On cross-examination, plaintiff testified as follows:
'
The cross-examination further developed that plaintiff was born and reared to the age of fifteen on a farm where there were cattle and horses. Since that time and in recent years he has owned one horse and has made many hunting and fishing trips by horse.
Contributory negligence was not one of the stated grounds of the motion for nonsuit. However, the court in ruling on the motion said, 'The evidence of the plaintiff clearly shows contributory negligence in the handling of the horse.' It may be that the court, regarding the plaintiff as an experienced horseman, concluded that he was negligent in permitting the tackle box to strike the horse's neck.
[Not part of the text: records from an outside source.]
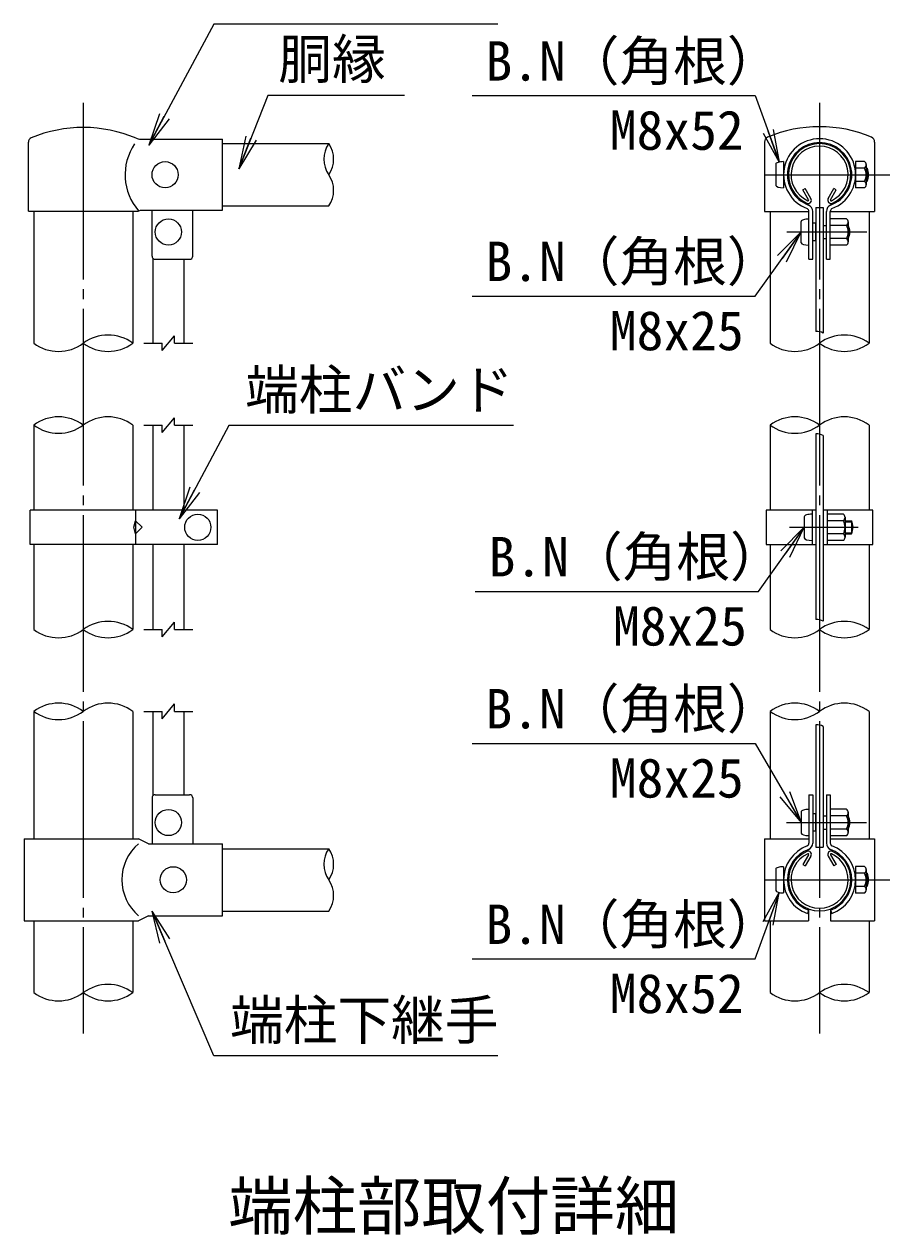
# Model space of a CAD drawing. Units: millimetres, scale not verified. Extents: x -10500 to 10500, y -7425 to 7425.
# Drawn here: x 2437 to 5082, y 404 to 4104 of the extents above; entities that cross this region are included whole.
import ezdxf
from ezdxf.enums import TextEntityAlignment as Align

# ---------------------------------------------------------------- set-up
doc = ezdxf.new("R2010")
doc.units = ezdxf.units.MM
doc.header["$LTSCALE"] = 30
doc.linetypes.add('LONG_CHAIN', pattern=[21, 18, -1, 1, -1])
for name, color, linetype, lineweight in [('0-1_D-TTL-TXT', 7, 'Continuous', 9), ('0-2_D-STR-TXT', 7, 'Continuous', 9), ('0-4_D-STR1', 1, 'Continuous', 9), ('0-7_D-BMK', 2, 'LONG_CHAIN', 9), ('0-8_D-STR-DIM', 7, 'Continuous', 9), ('0-9_0', 7, 'Continuous', 9), ('0-A_D-STR3', 3, 'Continuous', 9)]:
    doc.layers.add(name, color=color, linetype=linetype, lineweight=lineweight)
doc.styles.add('ＭＳ ゴシック', font='')
doc.styles.get('ＭＳ ゴシック').set_extended_font_data('MS Gothic')

# ---------------------------------------------------------------- blocks, each defined once
blk = doc.blocks.new('_Open')
at = {"layer": '0-9_0'}
blk.add_line((-30, 5), (0, 0), dxfattribs=at)
blk.add_lwpolyline([(-30, -5), (0, 0), (-30, 0)], dxfattribs=at)

msp = doc.modelspace()

# ---------------------------------------------------------------- linework, layer by layer
at = {"layer": '0-2_D-STR-TXT'}
for points in [[(3884.11, 4103.9), (3015.96, 4103.9), (2818.33, 3736.25)], [(3599.02, 3885.58), (3181.46, 3885.58), (3093.59, 3664.07)], [(3805.65, 3885.58), (4670.82, 3885.58), (4743.58, 3684.53)], [(3805.65, 3273.03), (4670.82, 3273.03), (4809.75, 3467.25)], [(3932.53, 2877.69), (3062.14, 2877.69), (2911.85, 2594.2)], [(3815.4, 2370.5), (4680.57, 2370.5), (4819.5, 2564.71)], [(3805.65, 1905.83), (4670.82, 1905.83), (4809.91, 1665.85)], [(3805.65, 1247.1), (4670.82, 1247.1), (4743.58, 1448.16)], [(3884.11, 951.35), (3015.96, 951.35), (2828.2, 1391.78)]]:
    msp.add_lwpolyline(points, dxfattribs=at)
at = {"layer": '0-4_D-STR1'}
for p, q in [((3042.41, 3738.87), (3367.5, 3738.87)), ((4816.5, 3597.61), (4823.45, 3601.62)), ((4834.05, 3567.22), (4816.5, 3597.61)), ((4840.99, 3571.23), (4823.45, 3601.62)), ((4893.84, 3571.23), (4911.38, 3601.62)), ((4900.78, 3567.22), (4918.33, 3597.61)), ((4918.33, 3597.61), (4911.38, 3601.62)), ((2466.16, 3532.87), (2466.16, 3128.87)), ((2768.66, 3532.87), (2768.66, 3128.87)), ((3042.41, 3548.37), (3367.5, 3548.37)), ((4716.16, 3531.37), (4716.16, 3128.87)), ((5018.66, 3531.37), (5018.66, 3128.87)), ((2466.16, 2878.87), (2466.16, 2618.84)), ((2768.66, 2878.87), (2768.66, 2618.84)), ((4716.16, 2878.87), (4716.16, 2618.84)), ((5018.66, 2878.87), (5018.66, 2618.84)), ((2466.16, 2513.85), (2466.16, 2253.87)), ((2768.66, 2513.85), (2768.66, 2253.87)), ((4716.16, 2513.85), (4716.16, 2253.87)), ((5018.66, 2513.85), (5018.66, 2253.87)), ((2466.16, 2003.87), (2466.16, 1614.12)), ((2768.66, 2003.87), (2768.66, 1614.12)), ((4716.16, 2003.87), (4716.16, 1614.12)), ((5018.66, 2003.87), (5018.66, 1614.12)), ((3042.41, 1584.12), (3367.5, 1584.12)), ((4834.05, 1565.78), (4816.5, 1535.39)), ((4840.99, 1561.77), (4823.45, 1531.38)), ((4893.84, 1561.77), (4911.38, 1531.38)), ((4900.78, 1565.78), (4918.33, 1535.39)), ((4816.5, 1535.39), (4823.45, 1531.38)), ((4918.33, 1535.39), (4911.38, 1531.38)), ((3042.41, 1393.62), (3367.5, 1393.62)), ((2466.16, 1364.12), (2466.16, 1144.12)), ((2768.66, 1364.12), (2768.66, 1144.12)), ((4716.16, 1364.12), (4716.16, 1144.12)), ((5018.66, 1364.12), (5018.66, 1144.12))]:
    msp.add_line(p, q, dxfattribs=at)
for centre, radius, start, end in [((4867.41, 3643.87), 95.25, 294.32478, 245.67522), ((4867.41, 3643.87), 87.23, 294.32478, 245.67522), ((4832.31, 3566.21), 10.03, 245.67522, 30), ((4832.31, 3566.21), 2, 245.67522, 30), ((4902.52, 3566.21), 10.03, 150, 294.32478), ((4902.52, 3566.21), 2, 150, 294.32478), ((4867.41, 1489.12), 95.25, 114.32478, 65.67522), ((4867.41, 1489.12), 87.23, 114.32478, 65.67522), ((4832.31, 1566.78), 10.03, 330, 114.32478), ((4832.31, 1566.78), 2, 330, 114.32478), ((4902.52, 1566.78), 10.03, 65.67522, 210), ((4902.52, 1566.78), 2, 65.67522, 210)]:
    msp.add_arc(centre, radius, start, end, dxfattribs=at)
at = {"layer": '0-7_D-BMK'}
for p, q in [((2617.41, 3863.87), (2617.41, 1018.87)), ((4867.41, 3863.87), (4867.41, 1018.87)), ((4702.27, 3643.87), (5081.95, 3643.87)), ((4767.27, 3468.87), (5011.66, 3468.87)), ((4775.77, 2566.34), (4985.16, 2566.34)), ((4848.16, 2566.34), (4944.66, 2566.34)), ((4766.22, 1664.12), (5010.61, 1664.12)), ((4702.27, 1489.12), (5081.95, 1489.12))]:
    msp.add_line(p, q, dxfattribs=at)
at = {"layer": '0-8_D-STR-DIM'}
for p, q in [((2858.66, 3106.37), (2896.16, 3151.37)), ((2896.16, 3128.87), (2896.16, 3151.37)), ((2802.41, 3128.87), (2858.66, 3128.87)), ((2858.66, 3106.37), (2858.66, 3128.87)), ((2896.16, 3128.87), (2952.41, 3128.87)), ((2858.66, 2856.37), (2896.16, 2901.37)), ((2896.16, 2878.87), (2896.16, 2901.37)), ((2802.41, 2878.87), (2858.66, 2878.87)), ((2858.66, 2856.37), (2858.66, 2878.87)), ((2896.16, 2878.87), (2952.41, 2878.87)), ((2858.66, 2231.37), (2896.16, 2276.37)), ((2896.16, 2253.87), (2896.16, 2276.37)), ((2802.41, 2253.87), (2858.66, 2253.87)), ((2858.66, 2231.37), (2858.66, 2253.87)), ((2896.16, 2253.87), (2952.41, 2253.87)), ((2802.41, 2003.87), (2858.66, 2003.87)), ((2858.66, 1981.37), (2896.16, 2026.37)), ((2858.66, 1981.37), (2858.66, 2003.87)), ((2896.16, 2003.87), (2896.16, 2026.37)), ((2896.16, 2003.87), (2952.41, 2003.87))]:
    msp.add_line(p, q, dxfattribs=at)
for centre, radius, start, end in [((3435.6, 3691.25), 83.1, 145.03504, 214.96496), ((3299.39, 3691.25), 83.1, 325.03504, 34.96496), ((3299.4, 3596), 83.1, 325.03422, 34.96578), ((2693.04, 3026.99), 126.88, 53.41445, 126.58555), ((4860.02, 3126.47), 38.4, 60.95271, 95.76063), ((4943.04, 3026.99), 126.88, 53.41445, 126.58555), ((2541.79, 3230.76), 126.88, 233.41445, 306.58555), ((2693.04, 3230.76), 126.88, 233.41445, 306.58555), ((4791.79, 3230.76), 126.88, 233.41445, 306.58555), ((4943.04, 3230.76), 126.88, 233.41445, 306.58555), ((2541.79, 2776.99), 126.88, 53.41445, 126.58555), ((2693.04, 2776.99), 126.88, 53.41445, 126.58555), ((4791.79, 2776.99), 126.88, 53.41445, 126.58555), ((4943.04, 2776.99), 126.88, 53.41445, 126.58555), ((2541.79, 2980.76), 126.88, 233.41445, 306.58555), ((4791.79, 2980.76), 126.88, 233.41445, 306.58555), ((4860.02, 2813.3), 38.4, 60.95271, 95.76063), ((2693.04, 2151.99), 126.88, 53.41445, 126.58555), ((4860.02, 2245.98), 38.4, 60.95271, 95.76063), ((4943.04, 2151.99), 126.88, 53.41445, 126.58555), ((2541.79, 2355.76), 126.88, 233.41445, 306.58555), ((2693.04, 2355.76), 126.88, 233.41445, 306.58555), ((4791.79, 2355.76), 126.88, 233.41445, 306.58555), ((4943.04, 2355.76), 126.88, 233.41445, 306.58555), ((2541.79, 1901.99), 126.88, 53.41445, 126.58555), ((2541.79, 2105.76), 126.88, 233.41445, 306.58555), ((2693.04, 1901.99), 126.88, 53.41445, 126.58555), ((4791.79, 1901.99), 126.88, 53.41445, 126.58555), ((4791.79, 2105.76), 126.88, 233.41445, 306.58555), ((4943.04, 1901.99), 126.88, 53.41445, 126.58555), ((4860.02, 1924.15), 38.4, 60.95271, 95.76063), ((3435.6, 1536.5), 83.1, 145.03504, 214.96496), ((3299.39, 1536.5), 83.1, 325.03504, 34.96496), ((3299.4, 1441.25), 83.1, 325.03422, 34.96578), ((2693.04, 1042.24), 126.88, 53.41445, 126.58555), ((4943.04, 1042.24), 126.88, 53.41445, 126.58555), ((2541.79, 1246.01), 126.88, 233.41445, 306.58555), ((2693.04, 1246.01), 126.88, 233.41445, 306.58555), ((4791.79, 1246.01), 126.88, 233.41445, 306.58555), ((4943.04, 1246.01), 126.88, 233.41445, 306.58555)]:
    msp.add_arc(centre, radius, start, end, dxfattribs=at)
at = {"layer": '0-A_D-STR3'}
for p, q in [((2449.91, 3532.87), (2449.91, 3743.27)), ((2792.3, 3752.37), (3042.41, 3752.37)), ((3042.41, 3535.37), (3042.41, 3752.37)), ((5035.66, 3743.9), (5035.66, 3531.37)), ((4733.41, 3676.37), (4733.41, 3611.37)), ((4757.41, 3683.87), (4757.41, 3603.87)), ((4759.25, 3663.87), (4757.41, 3663.87)), ((4977.41, 3663.87), (4975.58, 3663.87)), ((5004.91, 3684.37), (4977.41, 3684.37)), ((4977.41, 3684.37), (4977.41, 3603.37)), ((5004.91, 3664.12), (4977.41, 3664.12)), ((5009.91, 3675.04), (5009.91, 3613.31)), ((5009.91, 3663.87), (5012.41, 3663.87)), ((5009.91, 3663.87), (5012.41, 3663.87)), ((5012.41, 3663.87), (5012.41, 3623.87)), ((5009.91, 3660.49), (5014.03, 3660.49)), ((5009.91, 3627.26), (5014.03, 3627.26)), ((4759.25, 3623.87), (4757.41, 3623.87)), ((4977.41, 3623.87), (4975.58, 3623.87)), ((5004.91, 3623.62), (4977.41, 3623.62)), ((5004.91, 3603.37), (4977.41, 3603.37)), ((5009.91, 3623.87), (5012.41, 3623.87)), ((5009.91, 3623.87), (5012.41, 3623.87)), ((2449.91, 3532.87), (2784.91, 3532.87)), ((2784.91, 3532.87), (2792.41, 3535.37)), ((2792.41, 3535.37), (3042.41, 3535.37)), ((2827.41, 3395.37), (2827.41, 3535.37)), ((2952.41, 3395.37), (2952.41, 3535.37)), ((4834.91, 3385.37), (4834.91, 3531.73)), ((4846.41, 3385.37), (4846.41, 3531.73)), ((4856.16, 3543.87), (4856.16, 3164.43)), ((4856.16, 3543.87), (4878.66, 3543.87)), ((4878.66, 3543.87), (4878.66, 3159.8)), ((4888.41, 3385.37), (4888.41, 3531.73)), ((4899.91, 3385.37), (4899.91, 3531.73)), ((4899.91, 3531.37), (5035.66, 3531.37)), ((4810.91, 3436.06), (4810.91, 3501.06)), ((4854.91, 3495.46), (4846.41, 3495.46)), ((4854.91, 3495.46), (4854.91, 3442.28)), ((4854.91, 3488.87), (4856.16, 3488.87)), ((4878.66, 3488.87), (4888.41, 3488.87)), ((4949.91, 3509.37), (4899.91, 3509.37)), ((4949.91, 3489.12), (4899.91, 3489.12)), ((4954.91, 3500.04), (4954.91, 3438.31)), ((4954.91, 3488.87), (4954.91, 3448.87)), ((4954.91, 3485.49), (4956.53, 3485.49)), ((4854.91, 3442.28), (4846.41, 3442.28)), ((4854.91, 3448.87), (4856.16, 3448.87)), ((4878.66, 3448.87), (4888.41, 3448.87)), ((4949.91, 3448.62), (4899.91, 3448.62)), ((4954.91, 3452.26), (4956.53, 3452.26)), ((4949.91, 3428.37), (4899.91, 3428.37)), ((2829.91, 3388.76), (2829.91, 3128.87)), ((2837.41, 3385.37), (2942.41, 3385.37)), ((2924.91, 3385.37), (2924.91, 3128.87)), ((4834.91, 3385.37), (4846.41, 3385.37)), ((4888.41, 3385.37), (4899.91, 3385.37)), ((2829.91, 2878.87), (2829.91, 2618.84)), ((2924.91, 2878.87), (2924.91, 2618.84)), ((4856.16, 2851.51), (4856.16, 2284.18)), ((4878.66, 2846.88), (4878.66, 2279.55)), ((3027.39, 2618.84), (2454.66, 2618.84)), ((2454.66, 2513.85), (2454.66, 2618.84)), ((2777.3, 2618.84), (2777.3, 2513.84)), ((3027.41, 2513.85), (3027.41, 2618.84)), ((4704.66, 2618.84), (4704.66, 2513.85)), ((4856.16, 2618.84), (4704.66, 2618.84)), ((4820.66, 2598.84), (4820.66, 2533.84)), ((4844.66, 2618.84), (4844.66, 2513.85)), ((4856.16, 2618.84), (4856.16, 2513.85)), ((4878.66, 2618.84), (4878.66, 2513.85)), ((4890.16, 2618.84), (4890.16, 2513.85)), ((4940.16, 2606.84), (4890.16, 2606.84)), ((4945.16, 2597.51), (4945.16, 2535.78)), ((4940.16, 2586.59), (4890.16, 2586.59)), ((4945.16, 2586.34), (4964.66, 2586.34)), ((4945.16, 2582.96), (4966.28, 2582.96)), ((4964.66, 2586.34), (4964.66, 2546.34)), ((4940.16, 2546.09), (4890.16, 2546.09)), ((4940.16, 2525.84), (4890.16, 2525.84)), ((4945.16, 2549.73), (4966.28, 2549.73)), ((4945.16, 2546.34), (4964.66, 2546.34)), ((3027.39, 2513.85), (2454.66, 2513.85)), ((2829.91, 2513.85), (2829.91, 2253.87)), ((2924.91, 2513.85), (2924.91, 2253.87)), ((4704.66, 2513.85), (4856.16, 2513.85)), ((2829.91, 2003.87), (2829.91, 1745.74)), ((2924.91, 2003.87), (2924.91, 1749.12)), ((4856.16, 1962.36), (4856.16, 1589.12)), ((4878.66, 1957.72), (4878.66, 1589.12)), ((2827.41, 1739.12), (2827.41, 1599.12)), ((2837.41, 1749.12), (2942.41, 1749.12)), ((2952.41, 1739.12), (2952.41, 1599.12)), ((4834.91, 1749.12), (4834.91, 1601.27)), ((4834.91, 1749.12), (4846.41, 1749.12)), ((4846.41, 1749.12), (4846.41, 1601.27)), ((4888.41, 1749.12), (4888.41, 1601.27)), ((4888.41, 1749.12), (4899.91, 1749.12)), ((4899.91, 1749.12), (4899.91, 1601.27)), ((4949.91, 1704.62), (4899.91, 1704.62)), ((4810.91, 1696.62), (4810.91, 1631.62)), ((4854.91, 1690.71), (4846.41, 1690.71)), ((4854.91, 1690.71), (4854.91, 1637.53)), ((4854.91, 1684.12), (4856.16, 1684.12)), ((4878.66, 1684.12), (4888.41, 1684.12)), ((4949.91, 1684.37), (4899.91, 1684.37)), ((4899.91, 1684.12), (4900.91, 1684.12)), ((4954.91, 1695.29), (4954.91, 1633.56)), ((4954.91, 1684.12), (4954.91, 1644.12)), ((4954.91, 1680.74), (4956.53, 1680.74)), ((4854.91, 1637.53), (4846.41, 1637.53)), ((4854.91, 1644.12), (4856.16, 1644.12)), ((4878.66, 1644.12), (4888.41, 1644.12)), ((4899.91, 1644.12), (4900.91, 1644.12)), ((4949.91, 1643.87), (4899.91, 1643.87)), ((4954.91, 1647.51), (4956.53, 1647.51)), ((2436.91, 1614.12), (2786.41, 1614.12)), ((2436.91, 1614.12), (2436.91, 1364.12)), ((2816.41, 1599.12), (2786.41, 1614.12)), ((2816.41, 1599.12), (3042.41, 1599.12)), ((3042.41, 1379.12), (3042.41, 1599.12)), ((4699.16, 1614.12), (4834.91, 1614.12)), ((4699.16, 1614.12), (4699.16, 1364.12)), ((4949.91, 1623.62), (4899.91, 1623.62)), ((4899.91, 1614.12), (5035.66, 1614.12)), ((5035.66, 1614.12), (5035.66, 1364.12)), ((4856.16, 1589.12), (4878.66, 1589.12)), ((4733.41, 1521.62), (4733.41, 1456.62)), ((4757.41, 1529.12), (4757.41, 1449.12)), ((5004.91, 1529.62), (4977.41, 1529.62)), ((4977.41, 1529.62), (4977.41, 1448.62)), ((5009.91, 1520.29), (5009.91, 1458.56)), ((4759.25, 1509.12), (4757.41, 1509.12)), ((4977.41, 1509.12), (4975.58, 1509.12)), ((5004.91, 1509.37), (4977.41, 1509.37)), ((5009.91, 1509.12), (5012.41, 1509.12)), ((5009.91, 1509.12), (5012.41, 1509.12)), ((5009.91, 1505.74), (5014.03, 1505.74)), ((5012.41, 1509.12), (5012.41, 1469.12)), ((4759.25, 1469.12), (4757.41, 1469.12)), ((4977.41, 1469.12), (4975.58, 1469.12)), ((5004.91, 1468.87), (4977.41, 1468.87)), ((5004.91, 1448.62), (4977.41, 1448.62)), ((5009.91, 1472.51), (5014.03, 1472.51)), ((5009.91, 1469.12), (5012.41, 1469.12)), ((5009.91, 1469.12), (5012.41, 1469.12)), ((2816.41, 1379.12), (2786.41, 1364.12)), ((2816.41, 1379.12), (3042.41, 1379.12)), ((4833.91, 1396.49), (4830, 1385.68)), ((4833.91, 1396.49), (4833.91, 1364.12)), ((4900.91, 1396.49), (4900.91, 1364.12)), ((4900.91, 1396.49), (4904.83, 1385.68)), ((2436.91, 1364.12), (2786.41, 1364.12)), ((4699.16, 1364.12), (4833.91, 1364.12)), ((4900.91, 1364.12), (5035.66, 1364.12))]:
    msp.add_line(p, q, dxfattribs=at)
for points in [[(4699.16, 3743.9), (4699.16, 3531.37), (4834.91, 3531.37)], [(4878.66, 2513.85), (5030.16, 2513.85), (5030.16, 2618.84), (4878.66, 2618.84)]]:
    msp.add_lwpolyline(points, dxfattribs=at)
msp.add_lwpolyline([(2771.67, 2566.34), (2777.3, 2586.34), (2797.3, 2566.34), (2777.3, 2546.34)], close=True, dxfattribs=at)
for centre in [(2867.41, 3643.87), (2877.41, 3468.87), (2967.41, 2566.34), (2877.41, 1664.12), (2892.41, 1489.12)]:
    msp.add_circle(centre, 40, dxfattribs=at)
for centre, radius, start, end in [((2617.2, 3373.71), 414.66, 67.08235, 112.54718), ((4867.41, 3379.44), 411.25, 67.22973, 112.77027), ((2464.91, 3743.27), 15, 116.57497, 180), ((2912.93, 3643.87), 167.81, 145.68676, 221.15827), ((2792.3, 3782.37), 30, 242.98608, 270), ((4715.66, 3743.9), 16.5, 116.72671, 180), ((4867.41, 3643.87), 110, 290.1633, 249.8367), ((4867.41, 3643.87), 98.5, 289.83718, 250.16282), ((5019.16, 3743.9), 16.5, 0, 63.27329), ((4997.23, 3674.25), 12.71, 307.21089, 52.78911), ((4966.41, 3643.87), 43.51, 332.26063, 27.73937), ((4974.91, 3643.87), 42.5, 331.92751, 28.07249), ((4997.17, 3613.5), 12.75, 307.42505, 52.57495), ((4824.91, 3531.73), 10, 0, 62.72039), ((4824.91, 3531.73), 21.5, 0, 65.03562), ((4909.91, 3531.73), 21.5, 114.96438, 180), ((4909.91, 3531.73), 10, 117.27961, 180), ((4942.23, 3499.25), 12.71, 307.21089, 52.78911), ((4911.41, 3468.87), 43.51, 332.26063, 27.73937), ((4917.41, 3468.87), 42.5, 331.92751, 28.07249), ((4942.17, 3438.5), 12.75, 307.42505, 52.57495), ((2837.41, 3395.37), 10, 180, 270), ((2942.41, 3395.37), 10, 270, 0), ((4932.48, 2596.72), 12.71, 307.21089, 52.78911), ((4901.66, 2566.34), 43.51, 332.26063, 27.73937), ((4927.16, 2566.34), 42.5, 331.92751, 28.07249), ((4932.42, 2535.97), 12.75, 307.42505, 52.57495), ((2837.41, 1739.12), 10, 90, 180), ((2942.41, 1739.12), 10, 0, 90), ((4942.23, 1694.5), 12.71, 307.21089, 52.78911), ((4911.41, 1664.12), 43.51, 332.26063, 27.73937), ((4917.41, 1664.12), 42.5, 331.92751, 28.07249), ((4942.17, 1633.75), 12.75, 307.42505, 52.57495), ((2879.34, 1489.12), 144, 130.19176, 229.80824), ((4867.41, 1489.12), 110, 110.1633, 250.11694), ((4824.91, 1601.27), 10, 297.27961, 0), ((4824.91, 1601.27), 21.5, 294.96438, 0), ((4909.91, 1601.27), 21.5, 180, 245.03562), ((4909.91, 1601.27), 10, 180, 242.72039), ((4867.41, 1489.12), 110, 289.88306, 69.8367), ((4867.41, 1489.12), 98.5, 109.83718, 250.11694), ((4867.41, 1489.12), 98.5, 289.88306, 70.16282), ((4997.23, 1519.5), 12.71, 307.21089, 52.78911), ((4966.41, 1489.12), 43.51, 332.26063, 27.73937), ((4974.91, 1489.12), 42.5, 331.92751, 28.07249), ((4997.17, 1458.75), 12.75, 307.42505, 52.57495)]:
    msp.add_arc(centre, radius, start, end, dxfattribs=at)
for centre, start_param, end_param in [((4757.41, 3676.37), 1.5707963, 3.1415927), ((4757.41, 3611.37), 3.1415927, 4.712389), ((4834.91, 3501.06), 1.5707963, 3.1415927), ((4834.91, 3436.06), 3.1415927, 4.712389), ((4844.66, 2598.84), 1.5707963, 3.1415927), ((4844.66, 2533.84), 3.1415927, 4.712389), ((4834.91, 1696.62), 1.5707963, 3.1415927), ((4834.91, 1631.62), 3.1415927, 4.712389), ((4757.41, 1521.62), 1.5707963, 3.1415927), ((4757.41, 1456.62), 3.1415927, 4.712389)]:
    msp.add_ellipse(centre, major_axis=(24, 0), ratio=0.3125, start_param=start_param, end_param=end_param, dxfattribs=at)

# ---------------------------------------------------------------- block references
at = {"layer": '0-2_D-STR-TXT', "xscale": 3.333333, "yscale": 3.333333}
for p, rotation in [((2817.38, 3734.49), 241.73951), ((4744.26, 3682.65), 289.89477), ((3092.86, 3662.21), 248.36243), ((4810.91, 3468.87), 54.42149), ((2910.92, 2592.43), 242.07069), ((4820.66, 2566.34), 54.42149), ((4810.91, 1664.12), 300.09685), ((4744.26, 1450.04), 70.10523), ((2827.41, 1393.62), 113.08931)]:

Contributory negligence is governed by the same rule applicable to negligence asserted against a defendant, and is generally a question for the jury, and may be made the basis of a nonsuit only where reasonable minds could reach only one common conclusion, that the plaintiff was guilty of negligence which contributed to his injury. Stowers v. Union Pac. R. Co., 72 Idaho 87, 237 P.2d 1041.
In Kersten v. Young, 52 Cal.App.2d 1, 125 P.2d 501, 503, the plaintiff had been warned, "He is a high-spirited horse, but he will give you a good ride." And the keeper would not permit the plaintiff's sixteen-year-old daughter to ride the horse. Plaintiff was injured by a sudden turn of the horse. It was urged that the rider was negligent in accepting the horse after being thus forewarned. The court in discussing the issue said:
'The question presented, therefore, is would a person situated in appellant's position, possessing ordinary prudence, knowing what he knew and seeing what he saw, have used greater caution than he used and refrained from mounting or riding the particular horse in question?' 125 P.2d at page 504.